Dataset excerpts
☆ ☆ ☆ ☆ ☆ ☆ ☆

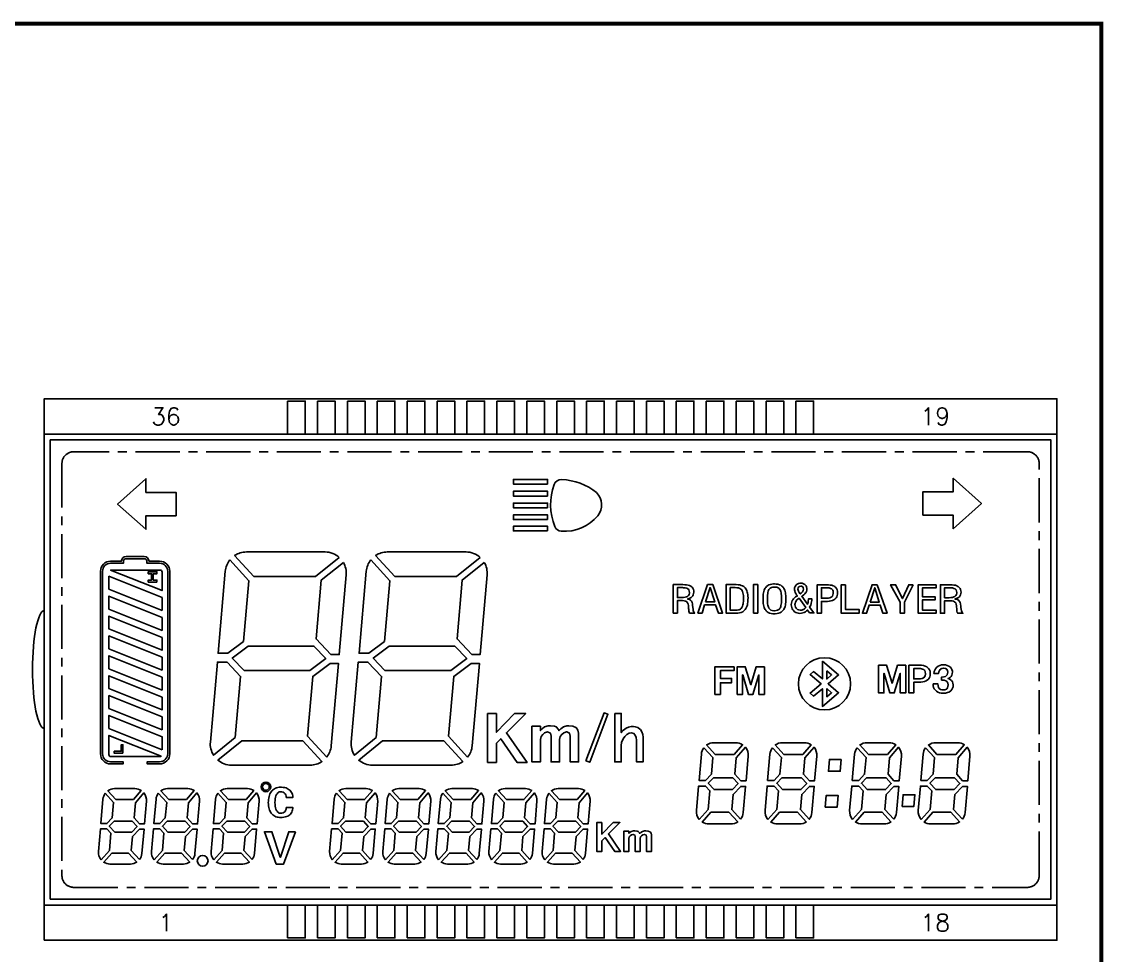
# Model space of a CAD drawing. Extents: x -1388 to 1427, y 183 to 486.
# Drawn here: x 1334.7 to 1426.5, y 266.9 to 346.2 of the extents above; entities that cross this region are included whole.
import ezdxf
from ezdxf.enums import TextEntityAlignment as Align

# ---------------------------------------------------------------- set-up
doc = ezdxf.new("R2010")
doc.units = 0
doc.header["$LTSCALE"] = 3
doc.linetypes.add('CENTER', pattern=[2, 1.25, -0.25, 0.25, -0.25])
doc.layers.get('0').update_dxf_attribs({"linetype": 'CONTINUOUS'})
doc.styles.add('ROMANS', font='romans.shx')

# ---------------------------------------------------------------- blocks, each defined once
blk = doc.blocks.new('0')
for points in [[(11.193, 36.067), (11.193, 38.05), (8.625, 38.05), (8.625, 39.203), (6.229, 37.059), (8.625, 34.914), (8.625, 36.067)], [(42.752, 38.753), (42.752, 39.153), (39.837, 39.153), (39.837, 38.753)], [(74.628, 36.111), (74.628, 38.094), (77.196, 38.094), (77.196, 39.247), (79.592, 37.103), (77.196, 34.958), (77.196, 36.111)], [(42.752, 37.738), (42.752, 38.138), (39.837, 38.138), (39.837, 37.738)], [(42.752, 36.743), (42.752, 37.143), (39.837, 37.143), (39.837, 36.743)], [(42.752, 35.732), (42.752, 36.132), (39.837, 36.132), (39.837, 35.732)], [(42.752, 34.773), (42.752, 35.173), (39.837, 35.173), (39.837, 34.773)], [(9.571, 30.425), (8.832, 30.425), (8.832, 30.596), (9.118, 30.596), (9.118, 31.133), (8.832, 31.133), (8.832, 31.306), (9.571, 31.306), (9.571, 31.133), (9.252, 31.133), (9.252, 30.596), (9.571, 30.596)], [(9.998, 28.018), (5.483, 29.828), (5.483, 30.924), (9.998, 29.114)], [(64.248, 30.339), (64.178, 30.337), (64.059, 30.313), (63.953, 30.265), (63.86, 30.196), (63.819, 30.148), (63.76, 30.054), (63.725, 29.944), (63.713, 29.822), (63.714, 29.781), (63.736, 29.672), (63.78, 29.552), (63.831, 29.452), (63.893, 29.351), (63.961, 29.26), (63.921, 29.237), (63.81, 29.164), (63.714, 29.088), (63.633, 29.009), (63.568, 28.929), (63.521, 28.851), (63.478, 28.746), (63.451, 28.633), (63.442, 28.512), (63.442, 28.503), (63.451, 28.379), (63.476, 28.265), (63.517, 28.159), (63.573, 28.064), (63.646, 27.977), (63.725, 27.908), (63.821, 27.847), (63.93, 27.804), (64.047, 27.778), (64.174, 27.77), (64.183, 27.77), (64.305, 27.778), (64.424, 27.804), (64.537, 27.844), (64.543, 27.847), (64.648, 27.903), (64.744, 27.974), (64.822, 28.052), (64.999, 27.814), (65.362, 27.814), (65.002, 28.309), (65.04, 28.372), (65.091, 28.477), (65.132, 28.596), (65.144, 28.636), (65.168, 28.746), (65.187, 28.862), (65.2, 28.997), (64.9, 28.997), (64.897, 28.952), (64.883, 28.833), (64.866, 28.725), (64.846, 28.631), (64.823, 28.547), (64.338, 29.219), (64.407, 29.263), (64.507, 29.338), (64.591, 29.418), (64.659, 29.502), (64.669, 29.517), (64.724, 29.621), (64.759, 29.732), (64.77, 29.848), (64.768, 29.897), (64.745, 30.012), (64.696, 30.113), (64.622, 30.202), (64.587, 30.232), (64.487, 30.292), (64.374, 30.328)], [(54.232, 30.212), (53.422, 30.212), (53.422, 27.791), (53.769, 27.791), (53.769, 28.857), (54.075, 28.857), (54.191, 28.855), (54.342, 28.84), (54.461, 28.81), (54.548, 28.769), (54.577, 28.746), (54.636, 28.67), (54.677, 28.566), (54.703, 28.435), (54.705, 28.42), (54.713, 28.32), (54.722, 28.192), (54.729, 28.094), (54.747, 27.961), (54.771, 27.861), (54.806, 27.791), (55.251, 27.791), (55.202, 27.836), (55.159, 27.904), (55.124, 28), (55.096, 28.126), (55.078, 28.28), (55.077, 28.304), (55.066, 28.427), (55.058, 28.522), (55.049, 28.577), (55.018, 28.698), (54.968, 28.798), (54.902, 28.875), (54.897, 28.881), (54.798, 28.945), (54.674, 28.986), (54.633, 28.998), (54.692, 29.012), (54.823, 29.059), (54.933, 29.12), (55.02, 29.193), (55.068, 29.254), (55.119, 29.351), (55.149, 29.461), (55.16, 29.586), (55.153, 29.683), (55.128, 29.798), (55.081, 29.899), (55.015, 29.986), (54.929, 30.059), (54.898, 30.077), (54.799, 30.126), (54.682, 30.164), (54.549, 30.19), (54.399, 30.206)], [(54.19, 29.956), (54.296, 29.953), (54.444, 29.936), (54.563, 29.904), (54.655, 29.858), (54.675, 29.843), (54.743, 29.767), (54.783, 29.668), (54.797, 29.546), (54.793, 29.49), (54.769, 29.38), (54.716, 29.289), (54.638, 29.218), (54.546, 29.173), (54.43, 29.138), (54.29, 29.118), (54.125, 29.111), (53.769, 29.111), (53.769, 29.956)], [(56.771, 30.212), (56.331, 30.212), (55.507, 27.791), (55.867, 27.791), (56.085, 28.484), (57.02, 28.484), (57.248, 27.791), (57.607, 27.791)], [(56.167, 28.746), (56.553, 29.961), (56.937, 28.746)], [(58.766, 30.212), (57.908, 30.212), (57.908, 27.791), (58.693, 27.791), (58.745, 27.792), (58.905, 27.798), (59.039, 27.814), (59.146, 27.837), (59.199, 27.854), (59.316, 27.91), (59.423, 27.989), (59.445, 28.009), (59.521, 28.092), (59.586, 28.185), (59.642, 28.292), (59.685, 28.41), (59.687, 28.413), (59.712, 28.506), (59.732, 28.605), (59.749, 28.712), (59.76, 28.827), (59.767, 28.95), (59.768, 29.081), (59.768, 29.084), (59.764, 29.223), (59.754, 29.353), (59.734, 29.473), (59.708, 29.584), (59.674, 29.686), (59.631, 29.779), (59.582, 29.861), (59.525, 29.936), (59.493, 29.969), (59.404, 30.043), (59.303, 30.104), (59.188, 30.151), (59.06, 30.184), (58.92, 30.205)], [(58.675, 29.959), (58.807, 29.954), (58.948, 29.931), (59.066, 29.893), (59.16, 29.839), (59.233, 29.767), (59.24, 29.759), (59.278, 29.695), (59.31, 29.617), (59.336, 29.524), (59.356, 29.415), (59.371, 29.291), (59.38, 29.152), (59.383, 28.998), (59.381, 28.91), (59.377, 28.783), (59.368, 28.669), (59.354, 28.57), (59.336, 28.485), (59.299, 28.371), (59.249, 28.27), (59.187, 28.183), (59.127, 28.129), (59.01, 28.075), (58.971, 28.064), (58.846, 28.047), (58.687, 28.041), (58.263, 28.041), (58.263, 29.959)], [(60.227, 27.791), (60.227, 30.212), (60.589, 30.212), (60.589, 27.791)], [(62.015, 30.268), (61.946, 30.267), (61.799, 30.254), (61.667, 30.226), (61.548, 30.185), (61.443, 30.127), (61.35, 30.057), (61.272, 29.973), (61.225, 29.902), (61.182, 29.821), (61.146, 29.732), (61.114, 29.634), (61.089, 29.526), (61.069, 29.409), (61.055, 29.282), (61.047, 29.147), (61.044, 29.002), (61.047, 28.862), (61.055, 28.727), (61.069, 28.6), (61.089, 28.483), (61.114, 28.375), (61.146, 28.276), (61.182, 28.186), (61.226, 28.106), (61.273, 28.034), (61.308, 27.992), (61.393, 27.913), (61.49, 27.849), (61.601, 27.799), (61.726, 27.762), (61.865, 27.741), (62.015, 27.734), (62.085, 27.736), (62.233, 27.749), (62.365, 27.776), (62.484, 27.818), (62.59, 27.874), (62.682, 27.945), (62.758, 28.029), (62.806, 28.1), (62.849, 28.179), (62.885, 28.268), (62.915, 28.367), (62.939, 28.475), (62.96, 28.592), (62.973, 28.719), (62.982, 28.855), (62.984, 29.002), (62.984, 29.003), (62.982, 29.149), (62.973, 29.285), (62.959, 29.412), (62.94, 29.529), (62.915, 29.637), (62.884, 29.736), (62.849, 29.825), (62.806, 29.905), (62.759, 29.975), (62.727, 30.014), (62.642, 30.092), (62.544, 30.155), (62.432, 30.205), (62.307, 30.241), (62.168, 30.262)], [(62.014, 27.991), (61.954, 27.993), (61.821, 28.013), (61.709, 28.056), (61.619, 28.121), (61.547, 28.208), (61.535, 28.228), (61.503, 28.298), (61.475, 28.382), (61.452, 28.479), (61.436, 28.59), (61.422, 28.713), (61.415, 28.851), (61.413, 29.002), (61.413, 29.05), (61.416, 29.196), (61.426, 29.329), (61.44, 29.449), (61.459, 29.555), (61.484, 29.648), (61.513, 29.728), (61.547, 29.794), (61.573, 29.831), (61.653, 29.909), (61.753, 29.964), (61.873, 29.997), (62.015, 30.009), (62.072, 30.008), (62.207, 29.988), (62.32, 29.947), (62.412, 29.883), (62.484, 29.798), (62.495, 29.778), (62.527, 29.708), (62.555, 29.626), (62.577, 29.528), (62.594, 29.418), (62.606, 29.292), (62.614, 29.154), (62.617, 29.002), (62.616, 28.943), (62.612, 28.796), (62.602, 28.663), (62.588, 28.542), (62.569, 28.437), (62.545, 28.345), (62.517, 28.267), (62.483, 28.203), (62.459, 28.168), (62.379, 28.09), (62.279, 28.035), (62.159, 28.002)], [(64.241, 30.091), (64.32, 30.08), (64.412, 30.024), (64.455, 29.953), (64.474, 29.837), (64.473, 29.82), (64.452, 29.712), (64.401, 29.607), (64.37, 29.567), (64.292, 29.484), (64.201, 29.417), (64.178, 29.448), (64.112, 29.548), (64.061, 29.645), (64.026, 29.734), (64.009, 29.834), (64.023, 29.935), (64.072, 30.024), (64.126, 30.067)], [(66.428, 30.202), (65.65, 30.202), (65.65, 27.781), (66.004, 27.781), (66.004, 28.789), (66.442, 28.789), (66.522, 28.791), (66.675, 28.803), (66.813, 28.827), (66.937, 28.863), (67.046, 28.913), (67.14, 28.974), (67.175, 29.002), (67.249, 29.082), (67.306, 29.174), (67.347, 29.277), (67.371, 29.393), (67.38, 29.52), (67.38, 29.539), (67.369, 29.667), (67.341, 29.781), (67.294, 29.882), (67.23, 29.968), (67.15, 30.039), (67.1, 30.071), (67.001, 30.117), (66.883, 30.154), (66.748, 30.18), (66.596, 30.196)], [(66.412, 29.948), (66.518, 29.946), (66.664, 29.928), (66.783, 29.896), (66.874, 29.848), (66.9, 29.826), (66.963, 29.748), (67, 29.648), (67.013, 29.524), (67.01, 29.446), (66.986, 29.333), (66.942, 29.239), (66.875, 29.166), (66.827, 29.134), (66.722, 29.089), (66.59, 29.062), (66.434, 29.052), (66.004, 29.052), (66.004, 29.948)], [(68.045, 30.202), (67.689, 30.202), (67.689, 27.781), (69.202, 27.781), (69.202, 28.111), (68.045, 28.111)], [(70.746, 30.202), (70.305, 30.202), (69.481, 27.781), (69.841, 27.781), (70.058, 28.473), (70.993, 28.473), (71.221, 27.781), (71.581, 27.781)], [(70.141, 28.736), (70.526, 29.951), (70.911, 28.736)], [(73.801, 30.202), (73.414, 30.202), (72.883, 29.033), (72.306, 30.202), (71.884, 30.202), (72.699, 28.717), (72.699, 27.781), (73.057, 27.781), (73.057, 28.718)], [(75.735, 30.202), (74.229, 30.202), (74.229, 27.781), (75.747, 27.781), (75.747, 28.053), (74.579, 28.053), (74.579, 28.917), (75.659, 28.917), (75.659, 29.181), (74.579, 29.181), (74.579, 29.932), (75.735, 29.932)], [(76.933, 30.202), (76.115, 30.202), (76.115, 27.781), (76.462, 27.781), (76.462, 28.847), (76.845, 28.847), (76.962, 28.845), (77.112, 28.829), (77.231, 28.8), (77.319, 28.758), (77.346, 28.736), (77.406, 28.66), (77.448, 28.556), (77.473, 28.425), (77.475, 28.41), (77.484, 28.309), (77.492, 28.182), (77.5, 28.084), (77.518, 27.951), (77.542, 27.851), (77.577, 27.781), (78.022, 27.781), (77.973, 27.826), (77.93, 27.894), (77.894, 27.989), (77.867, 28.116), (77.849, 28.27), (77.848, 28.294), (77.837, 28.417), (77.828, 28.512), (77.82, 28.567), (77.788, 28.687), (77.739, 28.788), (77.673, 28.865), (77.667, 28.871), (77.569, 28.935), (77.444, 28.976), (77.346, 28.991), (77.392, 29.001), (77.523, 29.049), (77.633, 29.11), (77.72, 29.183), (77.768, 29.244), (77.819, 29.34), (77.849, 29.451), (77.859, 29.576), (77.854, 29.672), (77.828, 29.787), (77.781, 29.889), (77.715, 29.976), (77.63, 30.048), (77.598, 30.067), (77.499, 30.116), (77.382, 30.153), (77.249, 30.18), (77.099, 30.196)], [(76.89, 29.946), (76.997, 29.942), (77.145, 29.926), (77.263, 29.894), (77.355, 29.848), (77.375, 29.833), (77.443, 29.757), (77.483, 29.658), (77.497, 29.536), (77.494, 29.48), (77.469, 29.369), (77.416, 29.278), (77.338, 29.208), (77.246, 29.162), (77.13, 29.128), (76.989, 29.108), (76.858, 29.1), (76.462, 29.1), (76.462, 29.946)], [(9.998, 27.425), (9.998, 26.329), (5.483, 28.139), (5.483, 29.235)], [(64.453, 28.094), (64.342, 28.053), (64.224, 28.039), (64.198, 28.04), (64.084, 28.06), (63.983, 28.107), (63.893, 28.181), (63.865, 28.212), (63.806, 28.306), (63.771, 28.409), (63.758, 28.525), (63.764, 28.61), (63.793, 28.718), (63.845, 28.818), (63.849, 28.826), (63.916, 28.909), (64.003, 28.987), (64.102, 29.056), (64.667, 28.272), (64.648, 28.248), (64.563, 28.165), (64.469, 28.102)], [(9.998, 25.735), (9.998, 24.639), (5.483, 26.45), (5.483, 27.546)], [(5.483, 24.761), (5.483, 25.857), (9.998, 24.046), (9.998, 22.95)], [(16.961, 22.921), (22.562, 22.921), (23.903, 23.931), (22.896, 24.994), (17.319, 24.994), (15.964, 23.974)], [(28.933, 22.921), (34.534, 22.921), (35.874, 23.931), (34.867, 24.994), (29.291, 24.994), (27.936, 23.974)], [(9.998, 22.356), (9.998, 21.261), (5.483, 23.071), (5.483, 24.168)], [(58.589, 23.243), (56.958, 23.243), (56.958, 20.885), (57.43, 20.885), (57.43, 21.875), (58.377, 21.875), (58.377, 22.247), (57.43, 22.247), (57.43, 22.917), (58.589, 22.917)], [(61.16, 23.243), (60.473, 23.243), (60.012, 21.711), (60, 21.711), (59.539, 23.243), (58.852, 23.243), (58.852, 20.885), (59.313, 20.885), (59.313, 22.539), (59.32, 22.539), (59.823, 20.885), (60.189, 20.885), (60.692, 22.539), (60.699, 22.539), (60.699, 20.885), (61.16, 20.885)], [(66.081, 23.712), (66.081, 22.199), (65.335, 22.83), (65.041, 22.579), (65.978, 21.787), (65.041, 20.995), (65.335, 20.744), (66.081, 21.375), (66.081, 19.862), (67.463, 21.032), (66.569, 21.787), (67.463, 22.542)], [(73.159, 23.371), (72.473, 23.371), (72.012, 21.84), (72, 21.84), (71.538, 23.371), (70.852, 23.371), (70.852, 21.014), (71.312, 21.014), (71.312, 22.668), (71.32, 22.668), (71.823, 21.014), (72.189, 21.014), (72.692, 22.668), (72.699, 22.668), (72.699, 21.014), (73.159, 21.014)], [(74.337, 23.371), (73.436, 23.371), (73.436, 21.014), (73.848, 21.014), (73.848, 21.922), (74.32, 21.922), (74.444, 21.926), (74.612, 21.946), (74.763, 21.985), (74.895, 22.042), (75.008, 22.116), (75.057, 22.159), (75.143, 22.26), (75.204, 22.376), (75.241, 22.505), (75.253, 22.647), (75.251, 22.717), (75.226, 22.852), (75.179, 22.974), (75.105, 23.084), (75.009, 23.178), (74.944, 23.224), (74.818, 23.289), (74.674, 23.335), (74.514, 23.363)], [(74.256, 23.088), (74.432, 23.076), (74.579, 23.044), (74.698, 22.995), (74.712, 22.986), (74.783, 22.907), (74.826, 22.795), (74.84, 22.646), (74.84, 22.617), (74.82, 22.475), (74.772, 22.37), (74.696, 22.297), (74.686, 22.292), (74.564, 22.244), (74.413, 22.215), (74.233, 22.206), (73.848, 22.206), (73.848, 23.088)], [(76.361, 23.399), (76.359, 23.399), (76.195, 23.386), (76.049, 23.351), (75.92, 23.29), (75.812, 23.205), (75.778, 23.172), (75.694, 23.072), (75.631, 22.957), (75.585, 22.83), (75.557, 22.667), (75.955, 22.667), (75.976, 22.802), (76.018, 22.919), (76.083, 23.014), (76.11, 23.038), (76.222, 23.095), (76.378, 23.115), (76.39, 23.115), (76.541, 23.09), (76.641, 23.025), (76.653, 23.012), (76.711, 22.911), (76.731, 22.782), (76.719, 22.656), (76.678, 22.543), (76.607, 22.458), (76.533, 22.408), (76.403, 22.369), (76.211, 22.353), (76.211, 22.098), (76.249, 22.098), (76.424, 22.085), (76.559, 22.05), (76.656, 21.994), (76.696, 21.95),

☆ ☆ ☆ ☆ ☆ ☆ ☆

* Assignment
Find and copy each line of the data where "import" is present.

* Solution
import ezdxf
from ezdxf.enums import TextEntityAlignment as Align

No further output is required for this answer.